Она быстрыми шагами направилась к выходу. На пороге, уже держась одной рукой за ручку двери, она обернулась.
– Я бесконечно благодарна вам за все. – Я видел, что слова давались ей с трудом, но, тем не менее, она хотела их сказать. – Я буду любить вас просто за то, что вы существуете.
С хлопком двери моя любимая женщина покинула наш дом, в котором, пусть и такое короткое время, мы были счастливы.
Ненастный зимний вечер довершил впечатление.

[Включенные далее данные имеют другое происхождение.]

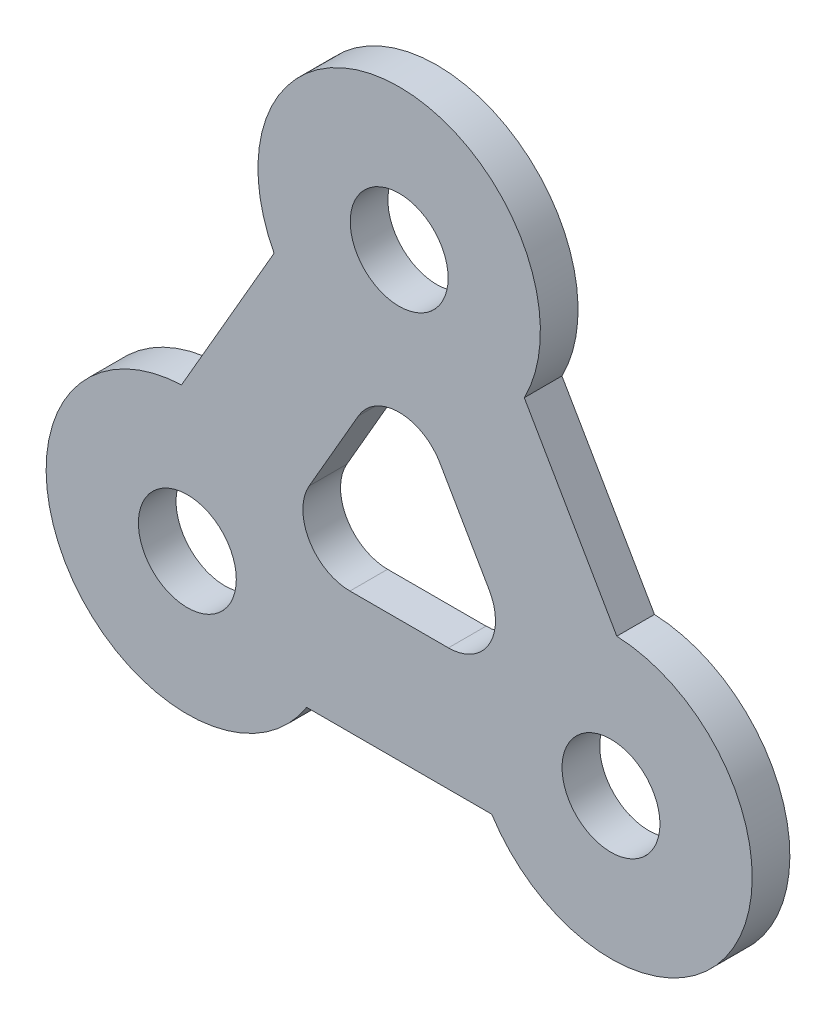
ISO-10303-21;
HEADER;
FILE_DESCRIPTION(('STEP AP214'),'2;1');
FILE_NAME('part.step','',(''),(''),'','','');
FILE_SCHEMA(('AUTOMOTIVE_DESIGN { 1 0 10303 214 1 1 1 1 }'));
ENDSEC;
DATA;
#1=APPLICATION_CONTEXT('core data for automotive mechanical design processes');
#2=APPLICATION_PROTOCOL_DEFINITION('international standard','automotive_design',2000,#1);
#3=PRODUCT_CONTEXT('',#1,'mechanical');
#4=PRODUCT('Part','Part','',(#3));
#5=PRODUCT_RELATED_PRODUCT_CATEGORY('part','',(#4));
#6=PRODUCT_DEFINITION_FORMATION('','',#4);
#7=PRODUCT_DEFINITION_CONTEXT('part definition',#1,'design');
#8=PRODUCT_DEFINITION('design','',#6,#7);
#9=PRODUCT_DEFINITION_SHAPE('','',#8);
#10=(LENGTH_UNIT() NAMED_UNIT(*) SI_UNIT(.MILLI.,.METRE.));
#11=(NAMED_UNIT(*) PLANE_ANGLE_UNIT() SI_UNIT($,.RADIAN.));
#12=(NAMED_UNIT(*) SI_UNIT($,.STERADIAN.) SOLID_ANGLE_UNIT());
#13=UNCERTAINTY_MEASURE_WITH_UNIT(LENGTH_MEASURE(1.E-05),#10,'distance_accuracy_value','');
#14=(GEOMETRIC_REPRESENTATION_CONTEXT(3) GLOBAL_UNCERTAINTY_ASSIGNED_CONTEXT((#13)) GLOBAL_UNIT_ASSIGNED_CONTEXT((#10,
#11,#12)) REPRESENTATION_CONTEXT('',''));
#15=CARTESIAN_POINT('',(0.,0.,0.));
#16=DIRECTION('',(0.,0.,1.));
#17=DIRECTION('',(1.,0.,0.));
#18=AXIS2_PLACEMENT_3D('',#15,#16,#17);
#19=CARTESIAN_POINT('',(-0.291428571428643,20.2141430137214,4.));
#20=DIRECTION('',(0.,0.,1.));
#21=DIRECTION('',(1.,0.,0.));
#22=AXIS2_PLACEMENT_3D('',#19,#20,#21);
#23=PLANE('',#22);
#24=CARTESIAN_POINT('',(22.2085714285714,-18.7570001565784,4.));
#25=DIRECTION('',(0.,0.,1.));
#26=DIRECTION('',(1.,0.,0.));
#27=AXIS2_PLACEMENT_3D('',#24,#25,#26);
#28=CIRCLE('',#27,5.2);
#29=CARTESIAN_POINT('',(27.4085714285714,-18.7570001565784,4.));
#30=VERTEX_POINT('',#29);
#31=EDGE_CURVE('E206',#30,#30,#28,.T.);
#32=ORIENTED_EDGE('',*,*,#31,.F.);
#33=EDGE_LOOP('',(#32));
#34=FACE_BOUND('',#33,.T.);
#35=DIRECTION('',(-0.500000000000004,-0.866025403784436,0.));
#36=VECTOR('',#35,1.);
#37=CARTESIAN_POINT('',(-18.4946225492973,4.74299984342158,4.));
#38=LINE('',#37,#36);
#39=CARTESIAN_POINT('',(-13.579791410665,13.2557370861542,4.));
#40=VERTEX_POINT('',#39);
#41=CARTESIAN_POINT('',(-23.4094536879295,-3.76973739931099,4.));
#42=VERTEX_POINT('',#41);
#43=EDGE_CURVE('E222',#40,#42,#38,.T.);
#44=ORIENTED_EDGE('',*,*,#43,.T.);
#45=CARTESIAN_POINT('',(-22.7914285714286,-18.7570001565784,4.));
#46=DIRECTION('',(0.,0.,1.));
#47=DIRECTION('',(-1.,0.,0.));
#48=AXIS2_PLACEMENT_3D('',#45,#46,#47);
#49=CIRCLE('',#48,15.);
#50=CARTESIAN_POINT('',(-10.1210908486931,-26.7858569862786,4.));
#51=VERTEX_POINT('',#50);
#52=EDGE_CURVE('E225',#42,#51,#49,.T.);
#53=ORIENTED_EDGE('',*,*,#52,.T.);
#54=DIRECTION('',(1.,0.,0.));
#55=VECTOR('',#54,1.);
#56=CARTESIAN_POINT('',(-0.291428571428633,-26.7858569862786,4.));
#57=LINE('',#56,#55);
#58=CARTESIAN_POINT('',(9.53823370583582,-26.7858569862786,4.));
#59=VERTEX_POINT('',#58);
#60=EDGE_CURVE('E229',#51,#59,#57,.T.);
#61=ORIENTED_EDGE('',*,*,#60,.T.);
#62=CARTESIAN_POINT('',(22.2085714285715,-18.7570001565784,4.));
#63=DIRECTION('',(0.,0.,1.));
#64=DIRECTION('',(-1.,0.,0.));
#65=AXIS2_PLACEMENT_3D('',#62,#63,#64);
#66=CIRCLE('',#65,15.0000000000001);
#67=CARTESIAN_POINT('',(22.8265965450723,-3.76973739931098,4.));
#68=VERTEX_POINT('',#67);
#69=EDGE_CURVE('E232',#59,#68,#66,.T.);
#70=ORIENTED_EDGE('',*,*,#69,.T.);
#71=DIRECTION('',(-0.500000000000005,0.866025403784436,0.));
#72=VECTOR('',#71,1.);
#73=CARTESIAN_POINT('',(17.91176540644,4.74299984342158,4.));
#74=LINE('',#73,#72);
#75=CARTESIAN_POINT('',(12.9969342678077,13.2557370861542,4.));
#76=VERTEX_POINT('',#75);
#77=EDGE_CURVE('E235',#68,#76,#74,.T.);
#78=ORIENTED_EDGE('',*,*,#77,.T.);
#79=CARTESIAN_POINT('',(-0.291428571428643,20.2141430137214,4.));
#80=DIRECTION('',(0.,0.,1.));
#81=DIRECTION('',(1.,0.,0.));
#82=AXIS2_PLACEMENT_3D('',#79,#80,#81);
#83=CIRCLE('',#82,15.);
#84=EDGE_CURVE('E238',#76,#40,#83,.T.);
#85=ORIENTED_EDGE('',*,*,#84,.T.);
#86=EDGE_LOOP('',(#44,#53,#61,#70,#78,#85));
#87=FACE_BOUND('',#86,.T.);
#88=CARTESIAN_POINT('',(-0.29142857142864,20.2141430137214,4.));
#89=DIRECTION('',(0.,0.,1.));
#90=DIRECTION('',(1.,0.,0.));
#91=AXIS2_PLACEMENT_3D('',#88,#89,#90);
#92=CIRCLE('',#91,5.2);
#93=CARTESIAN_POINT('',(4.90857142857136,20.2141430137214,4.));
#94=VERTEX_POINT('',#93);
#95=EDGE_CURVE('E214',#94,#94,#92,.T.);
#96=ORIENTED_EDGE('',*,*,#95,.F.);
#97=EDGE_LOOP('',(#96));
#98=FACE_BOUND('',#97,.T.);
#99=CARTESIAN_POINT('',(-22.7914285714286,-18.7570001565784,4.));
#100=DIRECTION('',(0.,0.,1.));
#101=DIRECTION('',(1.,0.,0.));
#102=AXIS2_PLACEMENT_3D('',#99,#100,#101);
#103=CIRCLE('',#102,5.2);
#104=CARTESIAN_POINT('',(-17.5914285714286,-18.7570001565784,4.));
#105=VERTEX_POINT('',#104);
#106=EDGE_CURVE('E198',#105,#105,#103,.T.);
#107=ORIENTED_EDGE('',*,*,#106,.F.);
#108=EDGE_LOOP('',(#107));
#109=FACE_BOUND('',#108,.T.);
#110=DIRECTION('',(-0.500000000000004,0.866025403784436,0.));
#111=VECTOR('',#110,1.);
#112=CARTESIAN_POINT('',(9.26817186699101,-6.28585698627862,4.));
#113=LINE('',#112,#111);
#114=CARTESIAN_POINT('',(9.26817186699101,-6.28585698627862,4.));
#115=VERTEX_POINT('',#114);
#116=CARTESIAN_POINT('',(4.03869844749354,2.77185667312186,4.));
#117=VERTEX_POINT('',#116);
#118=EDGE_CURVE('E138',#115,#117,#113,.T.);
#119=ORIENTED_EDGE('',*,*,#118,.F.);
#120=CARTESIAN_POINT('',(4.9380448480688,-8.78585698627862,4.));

Снежинки теперь, будто бы сговорившись, собрались в один быстрый ледяной поток, и покрывали собой все, что видели: деревья, улицы, дома. И людей. Я увидел, как Гермиона с небольшим чемоданом выскочила из дома и быстрым шагом направилась к месту трансгрессии. Под агрессивным напором ветра идти ей было сложно, но она старалась не сбавлять темп и продолжала двигаться с той же скоростью, хоть и прилагая больше усилий. Я похвалил ее стойкость, казалось бы, в таком мелком и невзрачном поступке. Дьявол кроется в деталях, а человек рождается в мелочах.
Я все хуже и хуже видел силуэт Гермионы: стая снежинок кружила возле моего окна. Понимая, что сейчас были разрезаны последние ниточки, соединяющие нас, я вздохнул. Я надеялся, что этот вздох получится облегченным, освобождающим от тяжести в груди. Он должен был получиться утверждающим меня в моей правоте. Но из моей груди вырвался короткий болезненный выдох. И я все понимаю.
– Я тоже, – отвечаю я безмолвной, окутавшей меня пустоте.